Марина капризно-нетерпелива, но Савицкий делает вид, что не замечает ее настроения, к серьезному разговору подготовленный.

— Известно ли вам, Марина Юрьевна, что супруг ваш царь Дмитрий прежде того, как в истинную веру обращен был, в арианской школе обучался, ересью арианской увлеченный, многие богопротивные суждения имел и, уже московским царем будучи, тайные сношения с арианцами украинскими поддерживал, обещания им поспешные давал и казной московской делился?

— Не знаю. Но что с того? — отвечает Марина с вызовом.

— Разве не ведомо вам, Марина Юрьевна, что успех дел мирских в прямой зависимости пребывает от искренней преданности Престолу Всевышнему всякого дерзающего успеха в делах земных, что благодать Божия и сопутствие Его суть воздаяния за верность, что уклонение горделивое и небрежение к обряду — грех наитягчайший, бедствия накликающий, что…

— Оставьте, святой отец! — раздраженно кричит Марина, наступая на Савицкого так, что он пятится, крестясь. — Оставьте! Нет у вас прав на меня! Нет! С того дня, когда отступились и на произвол судьбе бросили… Сколько писем моих в Рим отправлено, сколько слез пролито о помощи и поддержке, сколько клятв. Или о том не знаете?! Не с благословения ли Рима Сигизмунд отрекся от меня, не с того ли беды мои начались? Не изменяла я ни вере, ни святой церкви, то они, люди ваши, возомнившие себя вершителями дел Господних, они меня предали и со мной промышление Господне о царстве Московском! И что? Преуспели? Может, не Романов на престоле, а Владислав? Или Сигизмунд? А в Москве да Новгороде костелы строятся? А народ толпами от византийской ереси отрекается? Чего достигли, меня предав? Нечего сказать, святой отец? А вот мне есть что сказать вам! Люди отступились от меня, но не Господь, и произволом Его правда моя восторжествует, когда последние усомнятся и поколеблются! Так будет…
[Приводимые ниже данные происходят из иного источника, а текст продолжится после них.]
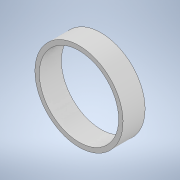
# Autodesk Inventor part: 轴承盖挡圈
Saved by Autodesk Inventor 2020 (Build 240168000, 168)
## iProperties
Created: 2021-06-16
Part Number: 轴承盖挡圈
Material: 常规
Document SubType Name: Modeling
Designer: dell
Density: 1 g/cm^3
Appearance: 默认
Author: dell
Autodesk Inventor part; units mm, degrees
ref_plane "YZ Plane" through (0, 0, 0) normal (1, 0, 0) x (0, 1, 0)
ref_plane "XZ Plane" through (0, 0, 0) normal (0, 1, 0) x (-1, 0, 0)
ref_plane "工作平面1" through (-16.8643, 32.5395, 28) normal (0, 0, 1) x (-0.4601, 0.8878, 0)
sketch "草图1" plane through (-16.8643, 32.5395, 28) normal (0, 0, 1) x (-0.4601, 0.8878, 0)
  circle A0 centre (-36.65, 0) radius 65 construction
  circle A1 centre (-36.65, 0) radius 40
  circle A2 centre (-36.65, 0) radius 32
  point P0 (-36.65, 0)
  dimension "d0" = 80
  dimension "d1" = 64
  constraints: 2 centre point, 2 coincident
  measures "d0" diameter of A1
  measures "d1" diameter of A2
extrude "拉伸1" add sketch "草图1" along normal blind 20
sketch "草图2" plane through (0, 0, 48) normal (0, 0, 1) x (1, 0, 0)
  circle A0 centre (0, 0) radius 36
  dimension "d4" = 72
  constraints: 1 centre point, 1 coincident
  measures "d4" diameter of A0
extrude "拉伸2" cut sketch "草图2" against normal up to surface (20 mm away)

Голос в шепот надломился, и силы иссякли. Машет рукой на Савицкого, чтоб уходил немедля, и слезы на его глазах не трогают, но только пуще раздражают. Барбару требует к себе сорванным голосом, и та является в мгновение — под дверью стояла, подслушивала, и у нее слезы на глазах. Прячась за спиной Казановской, Савицкий пятится к двери и исчезает за ней бесшумно. В объятиях фрейлины Марина задыхается в бесслезных рыданиях, что, в сути, есть обычная истерика. Но для Марины сие состояние внове. Не в силах справиться с судорогами, умоляюще смотрит на Барбару, та кличет Милицу, чтоб воды подала срочно, а сама, одной рукой обхватив Марину за плечи, другой гладит любимицу свою по головке трясущейся и мычит что-то жалостливое и невнятное. Отпоив водой, Казановская уносит притихшую Марину в спальню на руках, садится рядом на ложе и гладит то по головке, то по рукам и, дождавшись, пока заснет, еще потом долго сидит, смотрит на Марину и беззвучно плачет.